The Cordray Appointment and Congress’s Crisis of Legitimation

Last week Richard Cordray received what the White House called a “recess” appointment to serve as director of the new Consumer Financial Protection Bureau.  (side note: during break I was surprised to learn that a family member was his roommate at Michigan State).  This was a controversial maneuver because the Senate was holding pro-forma sessions (quickly gaveling in and out) every fourth day after its normal recess date in the hopes that, because the Senate was technically “in session”, Obama would be blocked from appointing making executive appointments.  Of course Democrats used this procedure (successfully) during Bush’s second term.  Naturally, House and Senate Republicans were outraged upon hearing of Cordray’s appointment, which probably looked something like this.

Sarah Binder addressed this topic asking whether the Cordray appointment was “fair” [by which I think she meant “Constitutional”].  Her overall conclusion is that, while this is somewhat uncharted territory from a legal vantage point, there are no firm precedents against its use.  She notes that the Constitution is silent on recess appointments in general and that the Supreme Court declined to address a similar case in 2004.  Binder (aptly in my opinion) describes the White House’s maneuvering for what it is:

an aggressive use of executive power in face of the opposition’s foot-dragging over confirming a nominee to the [Consumer Financial Protection Bureau].

Binder’s claim is in contrast to the public outcry from Boehner, McConnell and company that Obama’s recess appointment represents an unnecessary “power grab.”  But despite the constitutional implications, the Cordray appointment raises a more significant question in my view: How and why Congress evolves in the face of executive encroachment?

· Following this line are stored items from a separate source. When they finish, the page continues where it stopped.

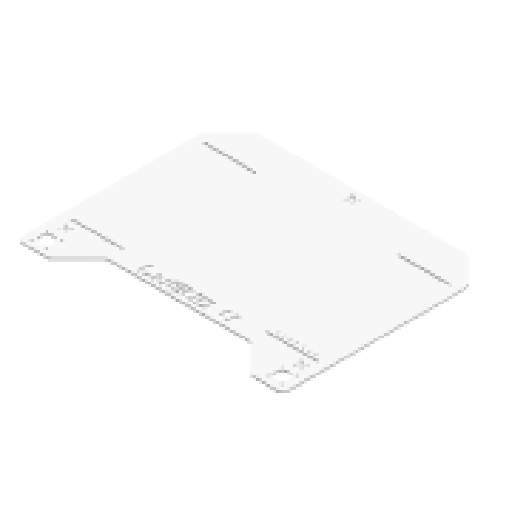
# Autodesk Inventor part: Z Axis Base
Saved by Autodesk Inventor 2023.2 (Build 272271000, 271)
## iProperties
Created: 2023-02-02
Part Number: Z Axis Base
Material: Aluminum 6061
Document SubType Name: Modeling
Designer: remop
Density: 2.7 g/cm^3
Appearance: Aluminum - Dark
Author: remop
Autodesk Inventor part; units mm, degrees
ref_plane "YZ Plane" through (0, 0, 0) normal (1, 0, 0) x (0, 1, 0)
ref_plane "XZ Plane" through (0, 0, 0) normal (0, 1, 0) x (-1, 0, 0)
ref_plane "XY Plane" through (0, 0, 0) normal (0, 0, 1) x (1, 0, 0)
sketch "Sketch1" plane through (0, 0, 0) normal (0, 1, 0) x (-1, 0, 0)
  circle A0 centre (158.2314, 130.3812) radius 11.25 projected
  circle A1 centre (158.2314, 160.3812) radius 6 projected
  circle A2 centre (-213.7686, 130.3812) radius 11.25 projected
  circle A3 centre (-213.7686, 160.3812) radius 6 projected
  circle A4 centre (-27.7686, -135.6188) radius 11 projected
  circle A5 centre (125.7314, 112.8812) radius 1.75
  circle A6 centre (125.7314, -96.1188) radius 1.75
  circle A7 centre (-181.2686, -96.1188) radius 1.75
  circle A8 centre (-181.2686, 112.8812) radius 1.75
  line L0 (222.2314, 188.3812) -> (-277.7686, 188.3812) projected
  line L1 (222.2314, -171.6188) -> (-277.7686, -171.6188) projected
  line L2 (182.2314, 183.3812) -> (132.2314, 183.3812)
  line L3 (132.2314, 183.3812) -> (86.7314, 137.8812)
  line L4 (86.7314, 137.8812) -> (-142.2686, 137.8812)
  line L5 (-142.2686, 137.8812) -> (-187.7686, 183.3812)
  line L6 (-187.7686, 183.3812) -> (-237.7686, 183.3812)
  line L7 (-237.7686, 183.3812) -> (-237.7686, -151.6188)
  line L8 (-237.7686, -151.6188) -> (182.2314, -151.6188)
  line L9 (182.2314, -151.6188) -> (182.2314, 183.3812)
  line L10 (222.2314, -171.6188) -> (222.2314, 188.3812) projected
  line L11 (-277.7686, 188.3812) -> (-277.7686, -171.6188) projected
  circle A9 centre (-213.7686, 160.3812) radius 11.5
  circle A10 centre (-225.2686, 171.8812) radius 2.1
  circle A11 centre (-202.2686, 171.8812) radius 2.1
  circle A12 centre (-202.2686, 148.8812) radius 2.1
  circle A13 centre (-225.2686, 148.8812) radius 2.1
  circle A14 centre (158.2314, 160.3812) radius 11.5
  circle A15 centre (146.7314, 171.8812) radius 2.1
  circle A16 centre (169.7314, 171.8812) radius 2.1
  circle A17 centre (169.7314, 148.8812) radius 2.1
  circle A18 centre (146.7314, 148.8812) radius 2.1
  circle A19 centre (-213.7686, 130.3812) radius 4.5
  circle A20 centre (-219.2686, 124.8812) radius 1.6
  circle A21 centre (-219.2686, 135.8812) radius 1.6
  circle A22 centre (-208.2686, 135.8812) radius 1.6
  circle A23 centre (-208.2686, 124.8812) radius 1.6
  circle A24 centre (158.2314, 130.3812) radius 4.5
  circle A25 centre (152.7314, 135.8812) radius 1.6
  circle A26 centre (163.7314, 135.8812) radius 1.6
  circle A27 centre (163.7314, 124.8812) radius 1.6
  circle A28 centre (152.7314, 124.8812) radius 1.6
  circle A29 centre (-27.7686, -135.6188) radius 4.5
  circle A30 centre (-33.2686, -130.1188) radius 1.6
  circle A31 centre (-22.2686, -130.1188) radius 1.6
  circle A32 centre (-22.2686, -141.1188) radius 1.6
  circle A33 centre (-33.2686, -141.1188) radius 1.6
  point P0 (0, 0)
  point P1 (157.2314, 183.3812)
  dimension "d0" = 307
  dimension "d1" = 209
  dimension "d2" = 3.5
  dimension "d3" = 153.5
  dimension "d4" = 360
  dimension "d5" = 75.5
  dimension "d6" = 5
  dimension "d7" = 40
  dimension "d8" = 20
  dimension "d9" = 40
  dimension "d10" = 5
  dimension "d12" = 45
  dimension "d13" = 50
  dimension "d14" = 45
  dimension "d15" = 25
  dimension "d18" = 23
  dimension "d19" = 11.5
  dimension "d20" = 11.5
  dimension "d21" = 11.5
  dimension "d22" = 11.5
  dimension "d23" = 4.2
  dimension "d24" = 11.5
  dimension "d25" = 11.5
  dimension "d26" = 11.5
  dimension "d27" = 11.5
  dimension "d28" = 9
  dimension "d29" = 5.5
  dimension "d30" = 5.5
  dimension "d31" = 5.5
  dimension "d32" = 5.5
  dimension "d33" = 3.2
  dimension "d35" = 5.5
  dimension "d36" = 5.5
  dimension "d37" = 5.5
  dimension "d39" = 5.5
  dimension "d40" = 5.5
  dimension "d41" = 5.5
  dimension "d42" = 5.5
  dimension "d43" = 5.5
  constraints: 29 centre point, 24 equal radius, 16 end point, 12 horizontal alignment, 12 vertical alignment, 5 coincident, 3 parallel, 1 collinear, 1 horizontal, 1 midpoint, 1 perpendicular
  measures "d0" distance of A8.centre A5.centre
  measures "d1" distance of A6.centre A5.centre
  measures "d2" diameter of A5
  measures "d3" horizontal distance of A6.centre A4.centre
  measures "d4" distance between parallel lines of L1 L0
  measures "d5" distance from line of L1 A7.centre
  measures "d6" distance between parallel lines of L0 L6
  measures "d7" distance between parallel lines of L11 L7
  measures "d8" distance between parallel lines of L1 L8
  measures "d9" distance between parallel lines of L10 L9
  measures "d10" distance from line of L0 point (157.231, 183.381)
  measures "d12" angle of L2 L3
  measures "d13" distance of L2.start L2.end
  measures "d14" angle of L6 L5
  measures "d15" distance from line of A5.centre L4
  measures "d18" diameter of A9
  measures "d19" horizontal distance of A3.centre A10.centre
  measures "d20" horizontal distance of A3.centre A11.centre
  measures "d21" horizontal distance of A10.centre A9.centre
  measures "d22" horizontal distance of A13.centre A3.centre
  measures "d23" diameter of A13
  measures "d24" horizontal distance of A15.centre A1.centre
  measures "d25" horizontal distance of A18.centre A1.centre
  measures "d26" horizontal distance of A1.centre A18.centre
  measures "d27" horizontal distance of A17.centre A14.centre
  measures "d28" diameter of A19
  measures "d29" horizontal distance of A21.centre A2.centre
  measures "d30" horizontal distance of A19.centre A21.centre
  measures "d31" horizontal distance of A22.centre A2.centre
  measures "d32" horizontal distance of A20.centre A2.centre
  measures "d33" diameter of A20
  measures "d35" horizontal distance of A25.centre A0.centre
  measures "d36" horizontal distance of A25.centre A0.centre
  measures "d37" horizontal distance of A0.centre A26.centre
  measures "d39" horizontal distance of A0.centre A28.centre
  measures "d40" horizontal distance of A31.centre A29.centre
  measures "d41" horizontal distance of A30.centre A4.centre
  measures "d42" horizontal distance of A31.centre A29.centre
  measures "d43" horizontal distance of A32.centre A29.centre
extrude "Extrusion1" add sketch "Sketch1" along normal blind 3 contours A0 | A2 | A4 | L9 L8 L7 L6 L5 L4 L3 L2
sketch "Sketch2" plane through (0, 3, 0) normal (0, 1, 0) x (1, 0, 0)
  line L0 (-132.2314, -183.3812) -> (-86.7314, -137.8812) projected
  line L1 (-86.7314, -137.8812) -> (142.2686, -137.8812) projected
  line L2 (142.2686, -137.8812) -> (187.7686, -183.3812) projected
  line L3 (187.7686, -183.3812) -> (237.7686, -183.3812) projected
  line L4 (237.7686, -183.3812) -> (237.7686, 151.6188) projected
  line L5 (237.7686, 151.6188) -> (-182.2314, 151.6188) projected
  line L6 (-182.2314, 151.6188) -> (-182.2314, -183.3812) projected
  line L7 (-182.2314, -183.3812) -> (-132.2314, -183.3812) projected
  circle A0 centre (-158.2314, -130.3812) radius 4.5 projected
  circle A1 centre (-152.7314, -135.8812) radius 1.6 projected
  circle A2 centre (-163.7314, -135.8812) radius 1.6 projected
  circle A3 centre (-163.7314, -124.8812) radius 1.6 projected
  circle A4 centre (-152.7314, -124.8812) radius 1.6 projected
  circle A5 centre (213.7686, -130.3812) radius 4.5 projected
  circle A6 centre (219.2686, -124.8812) radius 1.6 projected
  circle A7 centre (219.2686, -135.8812) radius 1.6 projected
  circle A8 centre (208.2686, -135.8812) radius 1.6 projected
  circle A9 centre (208.2686, -124.8812) radius 1.6 projected
  circle A10 centre (27.7686, 135.6188) radius 4.5 projected
  circle A11 centre (33.2686, 130.1188) radius 1.6 projected
  circle A12 centre (22.2686, 130.1188) radius 1.6 projected
  circle A13 centre (22.2686, 141.1188) radius 1.6 projected
  circle A14 centre (33.2686, 141.1188) radius 1.6 projected
  circle A15 centre (-125.7314, -112.8812) radius 1.75 projected
  circle A16 centre (-125.7314, 96.1188) radius 1.75 projected
  circle A17 centre (181.2686, 96.1188) radius 1.75 projected
  circle A18 centre (181.2686, -112.8812) radius 1.75 projected
  circle A19 centre (-146.7314, -148.8812) radius 2.1 projected
  circle A20 centre (-169.7314, -148.8812) radius 2.1 projected
  circle A21 centre (-169.7314, -171.8812) radius 2.1 projected
  circle A22 centre (-146.7314, -171.8812) radius 2.1 projected
  circle A23 centre (-158.2314, -160.3812) radius 11.5 projected
  circle A24 centre (225.2686, -148.8812) radius 2.1 projected
  circle A25 centre (202.2686, -148.8812) radius 2.1 projected
  circle A26 centre (202.2686, -171.8812) radius 2.1 projected
  circle A27 centre (225.2686, -171.8812) radius 2.1 projected
  circle A28 centre (213.7686, -160.3812) radius 11.5 projected
  line L8 (-71.2064, -116.1262) -> (126.7436, -116.1262) construction
  line L9 (126.7436, -116.1262) -> (126.7436, -129.6362) construction
  line L10 (126.7436, -129.6362) -> (-71.2064, -129.6362) construction
  line L11 (-71.2064, -129.6362) -> (-71.2064, -116.1262) construction
  line L12 (-41.9641, -132.872) -> (-44.5632, -130.2729)
  line L13 (-44.5632, -130.2729) -> (-44.5632, -112.872)
  line L14 (-44.5632, -112.872) -> (-37.5955, -112.872)
  line L15 (-37.5955, -112.872) -> (-37.5955, -132.872)
  line L16 (-37.5955, -132.872) -> (-41.9641, -132.872)
  line L17 (-36.7844, -132.872) -> (-36.7844, -126.9549)
  line L18 (-36.7844, -126.9549) -> (-23.66, -126.9549)
  line L19 (-23.66, -126.9549) -> (-23.66, -132.872)
  line L20 (-23.66, -132.872) -> (-36.7844, -132.872)
  line L21 (-9.3743, -132.8536) -> (-19.3282, -132.8536)
  line L22 (-19.3282, -132.8536) -> (-22.554, -129.6277)
  line L23 (-22.554, -129.6277) -> (-22.554, -118.4388)
  line L24 (-22.554, -118.4388) -> (-15.4941, -118.4388)
  line L25 (-15.4941, -118.4388) -> (-15.4941, -126.9365)
  line L26 (-15.4941, -126.9365) -> (-9.3743, -126.9365)
  line L27 (-9.3743, -126.9365) -> (-9.3743, -132.8536)
  line L28 (-1.5402, -132.8536) -> (-8.6001, -132.8536)
  line L29 (-8.6001, -132.8536) -> (-8.6001, -118.4388)
  line L30 (-8.6001, -118.4388) -> (-1.5402, -118.4388)
  line L31 (-1.5402, -118.4388) -> (-1.5402, -132.8536)
  line L32 (6.5889, -132.872) -> (2.1649, -132.872)
  line L33 (2.1649, -132.872) -> (-0.4342, -130.2729)
  line L34 (-0.4342, -130.2729) -> (-0.4342, -115.4711)
  line L35 (-0.4342, -115.4711) -> (2.1649, -112.872)
  line L36 (2.1649, -112.872) -> (6.5889, -112.872)
  line L37 (6.5889, -112.872) -> (6.5889, -132.872)
  line L38 (20.5797, -119.0471) -> (7.3999, -119.0471)
  line L39 (7.3999, -119.0471) -> (7.3999, -112.872)
  line L40 (7.3999, -112.872) -> (20.5797, -112.872)
  line L41 (20.5797, -112.872) -> (20.5797, -119.0471)
  line L42 (20.5797, -132.872) -> (7.3999, -132.872)
  line L43 (7.3999, -132.872) -> (7.3999, -126.9549)
  line L44 (7.3999, -126.9549) -> (20.5797, -126.9549)
  line L45 (20.5797, -126.9549) -> (20.5797, -132.872)
  line L46 (20.5797, -124.7061) -> (7.3999, -124.7061)
  line L47 (7.3999, -124.7061) -> (7.3999, -119.8582)
  line L48 (7.3999, -119.8582) -> (20.5797, -119.8582)
  line L49 (20.5797, -119.8582) -> (20.5797, -124.7061)
  line L50 (34.8654, -132.8904) -> (28.3216, -132.8904)
  line L51 (28.3216, -132.8904) -> (21.6856, -126.2545)
  line L52 (21.6856, -126.2545) -> (21.6856, -112.872)
  line L53 (21.6856, -112.872) -> (28.7455, -112.872)
  line L54 (28.7455, -112.872) -> (28.7455, -126.5678)
  line L55 (28.7455, -126.5678) -> (34.8654, -126.5678)
  line L56 (34.8654, -126.5678) -> (34.8654, -132.8904)
  line L57 (35.6396, -132.872) -> (35.6396, -112.872)
  line L58 (35.6396, -112.872) -> (42.5889, -112.872)
  line L59 (42.5889, -112.872) -> (42.5889, -126.2176)
  line L60 (42.5889, -126.2176) -> (35.6396, -132.872)
  line L61 (50.7548, -132.872) -> (46.2939, -132.872)
  line L62 (46.2939, -132.872) -> (43.6949, -130.2729)
  line L63 (43.6949, -130.2729) -> (43.6949, -115.4711)
  line L64 (43.6949, -115.4711) -> (46.3124, -112.872)
  line L65 (46.3124, -112.872) -> (56.8746, -112.872)
  line L66 (56.8746, -112.872) -> (56.8746, -119.0471)
  line L67 (56.8746, -119.0471) -> (50.7548, -119.0471)
  line L68 (50.7548, -119.0471) -> (50.7548, -132.872)
  line L69 (64.7087, -130.2545) -> (62.0912, -132.872)
  line L70 (62.0912, -132.872) -> (51.4921, -132.872)
  line L71 (51.4921, -132.872) -> (51.4921, -126.9549)
  line L72 (51.4921, -126.9549) -> (57.6488, -126.9549)
  line L73 (57.6488, -126.9549) -> (57.6488, -112.872)
  line L74 (57.6488, -112.872) -> (62.0912, -112.872)
  line L75 (62.0912, -112.872) -> (64.7087, -115.4895)
  line L76 (64.7087, -115.4895) -> (64.7087, -130.2545)
  line L77 (92.9299, -132.8904) -> (86.3861, -132.8904)
  line L78 (86.3861, -132.8904) -> (79.7502, -126.2545)
  line L79 (79.7502, -126.2545) -> (79.7502, -112.872)
  line L80 (79.7502, -112.872) -> (86.8101, -112.872)
  line L81 (86.8101, -112.872) -> (86.8101, -126.5678)
  line L82 (86.8101, -126.5678) -> (92.9299, -126.5678)
  line L83 (92.9299, -126.5678) -> (92.9299, -132.8904)
  line L84 (93.7041, -132.872) -> (93.7041, -112.872)
  line L85 (93.7041, -112.872) -> (100.6534, -112.872)
  line L86 (100.6534, -112.872) -> (100.6534, -126.2176)
  line L87 (100.6534, -126.2176) -> (93.7041, -132.872)
  point P0 (0, 0)
  point P1 (27.7686, -116.1262)
  point P2 (-71.2064, -122.8812)
  dimension "d44" = 15
  constraints: 2 midpoint, 1 vertical alignment, 2 other
  measures "d44" distance from line of L1 point (-71.206, -122.881)
extrude "Extrusion2" cut sketch "Sketch2" against normal through all contours L12 L13 L14 L15 L16 | L17 L18 L19 L20 | L21 L22 L23 L24 L25 L26 L27 | L28 L29 L30 L31 | L32 L33 L34 L35 L36 L37 | L38 L39 L40 L41 | L42 L43 L44 L45 | L46 L47 L48 L49 | L50 L51 L52 L53 L54 L55 L56 | L57 L58 L59 L60 | L61 L62 L63 L64 L65 L66 L67 L68 | L69 L70 L71 L72 L73 L74 L75 L76 | L77 L78 L79 L80 L81 L82 L83 | L84 L85 L86 L87
sketch "Sketch3" plane through (0, 3, 0) normal (0, 1, 0) x (1, 0, 0)
  line L0 (142.2686, -137.8812) -> (187.7686, -183.3812) projected
  line L1 (237.7686, -183.3812) -> (237.7686, 151.6188) projected
  line L2 (237.7686, 151.6188) -> (-182.2314, 151.6188) projected
  line L3 (-182.2314, 151.6188) -> (-182.2314, -183.3812) projected
  line L4 (-132.2314, -183.3812) -> (-86.7314, -137.8812) projected
  line L5 (-139.805, 151.6188) -> (-182.2314, 109.1924)
  line L6 (-182.2314, 151.6188) -> (-182.2314, -183.3812) projected
  line L7 (237.7686, 109.1924) -> (195.3422, 151.6188)
  point P0 (0, 0)
  dimension "d47" = 60
  constraints: 4 end point, 4 point on line, 2 parallel, 1 perpendicular
  measures "d47" distance of L7.start L7.end
extrude "Extrusion3" cut sketch "Sketch3" against normal through all
fillet "Fillet1" radius 10 10 edges at (-182.2314, 1.5, 183.3812) (-132.2314, 1.5, 183.3812) (237.7686, 1.5, 183.3812) (187.7686, 1.5, 183.3812) (142.2686, 1.5, 137.8812) (237.7686, 1.5, -109.1924) (195.3422, 1.5, -151.6188) (-139.805, 1.5, -151.6188) (-182.2314, 1.5, -109.1924) (-86.7314, 1.5, 137.8812)
sketch "Sketch4" plane through (0, 0, 0) normal (0, -1, 0) x (1, 0, 0)
  circle A0 centre (213.7686, 160.3812) radius 11.5 projected
  circle A1 centre (225.2686, 171.8812) radius 2.1 projected
  circle A2 centre (202.2686, 171.8812) radius 2.1 projected
  circle A3 centre (202.2686, 148.8812) radius 2.1 projected
  circle A4 centre (225.2686, 148.8812) radius 2.1 projected
  circle A5 centre (-158.2314, 160.3812) radius 11.5 projected
  circle A6 centre (-146.7314, 171.8812) radius 2.1 projected
  circle A7 centre (-169.7314, 171.8812) radius 2.1 projected
  circle A8 centre (-169.7314, 148.8812) radius 2.1 projected
  circle A9 centre (-146.7314, 148.8812) radius 2.1 projected
  circle A10 centre (181.2686, 112.8812) radius 1.75 projected
  circle A11 centre (181.2686, -96.1188) radius 1.75 projected
  circle A12 centre (-125.7314, -96.1188) radius 1.75 projected
  circle A13 centre (-125.7314, 112.8812) radius 1.75 projected
  circle A14 centre (33.2686, -141.1188) radius 1.6 projected
  circle A15 centre (22.2686, -141.1188) radius 1.6 projected
  circle A16 centre (22.2686, -130.1188) radius 1.6 projected
  circle A17 centre (33.2686, -130.1188) radius 1.6 projected
  circle A18 centre (27.7686, -135.6188) radius 4.5 projected
  circle A19 centre (208.2686, 124.8812) radius 1.6 projected
  circle A20 centre (208.2686, 135.8812) radius 1.6 projected
  circle A21 centre (219.2686, 135.8812) radius 1.6 projected
  circle A22 centre (219.2686, 124.8812) radius 1.6 projected
  circle A23 centre (213.7686, 130.3812) radius 4.5 projected
  circle A24 centre (-152.7314, 124.8812) radius 1.6 projected
  circle A25 centre (-163.7314, 124.8812) radius 1.6 projected
  circle A26 centre (-163.7314, 135.8812) radius 1.6 projected
  circle A27 centre (-152.7314, 135.8812) radius 1.6 projected
  circle A28 centre (-158.2314, 130.3812) radius 4.5 projected
  arc A29 (-182.2314, -105.0503) -> (-179.3025, -112.1213) centre (-172.2314, -105.0503) ccw projected
  line L0 (-179.3025, -112.1213) -> (-142.7339, -148.6899) projected
  arc A30 (-142.7339, -148.6899) -> (-135.6629, -151.6188) centre (-135.6629, -141.6188) ccw projected
  line L1 (191.2001, -151.6188) -> (-135.6629, -151.6188) projected
  arc A31 (191.2001, -151.6188) -> (198.2711, -148.6899) centre (191.2001, -141.6188) ccw projected
  line L2 (198.2711, -148.6899) -> (234.8397, -112.1213) projected
  arc A32 (234.8397, -112.1213) -> (237.7686, -105.0503) centre (227.7686, -105.0503) ccw projected
  line L3 (237.7686, 173.3812) -> (237.7686, -105.0503) projected
  arc A33 (237.7686, 173.3812) -> (227.7686, 183.3812) centre (227.7686, 173.3812) ccw projected
  line L4 (191.9107, 183.3812) -> (227.7686, 183.3812) projected
  arc A34 (191.9107, 183.3812) -> (184.8397, 180.4523) centre (191.9107, 173.3812) ccw projected
  line L5 (145.1975, 140.8101) -> (184.8397, 180.4523) projected
  arc A35 (138.1265, 137.8812) -> (145.1975, 140.8101) centre (138.1265, 147.8812) ccw projected
  line L6 (-82.5893, 137.8812) -> (138.1265, 137.8812) projected
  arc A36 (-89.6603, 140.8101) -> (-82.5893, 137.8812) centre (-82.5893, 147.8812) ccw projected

In “Congress, the Constitution, and the Crisis of Legitimation,” Larry Dodd—my dissertation advisor and mentor—addressed this topic, arguing that Congress’s “institutional will” vis-à-vis the presidency is conditioned by a range of factors including the political external environment, how lawmakers conceive of their congressional service and long-term cycles of Congressional change.  Of Congress’s lacking institutional will in the 1960s and 1970s, Dodd writes that

In spreading organizational power so widely that Congress cannot act, members undermine not only the legitimacy of the institution but also the popular belief in the viability of Congressional policymaking (p. 413).

Now it’s important to remember that when Dodd was writing (1981), Congress was still highly decentralized despite recent reforms (due in large part to it’s heterogeneous parties and seniority norm).  In the previous decades Congress was marked by significant failings and institutional challenges: in particular the inability to enact civil rights legislation in the 1950s and 60s and Nixon’s impoundment of appropriated funds in the 1970s.

With the Cordray appointment what we see is the opposite problem that Dodd noted: careerist politicians operating in an ideologically polarized and hierarchal environment where party loyalty is critical for a member’s reelection prospects.   This cyclical pattern is something Dodd has also written about in a series of essays—see “Congress and the Question for Power” (1977) and “The Cycles of Legislative Change” (1986).  The gist of the argument is that legislative reforms are driven by the complex interaction of lawmakers’ career goals and the movement of previous generations of reformers through a hierarchical career trajectory.  When junior members occupy Congress during periods of institutional normalcy, power will be decentralized to foster the individual members’ reelection goals.  Over time, however, Congress becomes too rigid and unable to act; as a result the executive branch usurps some area of congressional authority.  The important point is that, like the Cordray appointment and Binder’s point, the executive branch does not usurp congressional prerogatives for the sake of power alone (merely to fill an important void left by Congressional inaction).  According to Dodd’s theory of Congressional cycles, over time this state of affairs leads to greater public dissatisfaction with Congress and an influx of new members tasked with re-centralizing power.  These new members, operating in an environment of Congressional upheaval, are less tied to the existing structure and, therefore, receptive to enacting reforms.

Anyway the point if this post is that (1) the Cordray appointment is due more to Congress’s institutional failings rather than an intentional “power grab” by the president and (2) that previous authors have written about these kinds of developments noting a particular pattern of change over time.

Finally, I would be remiss if I didn’t point out that a number of Dodd’s writings on this topic—including those cited previously—were published a month ago in a single volume.  I encourage anyone interested in Congressional history and institutional development to read “Thinking About Congress: Essays on Congressional Change.”  The reviews of this book—by Sarah Binder, Joseph Cooper, Theodore Lowi, Sean Theriault and Rodney Hero—are quite praiseworthy and impressive.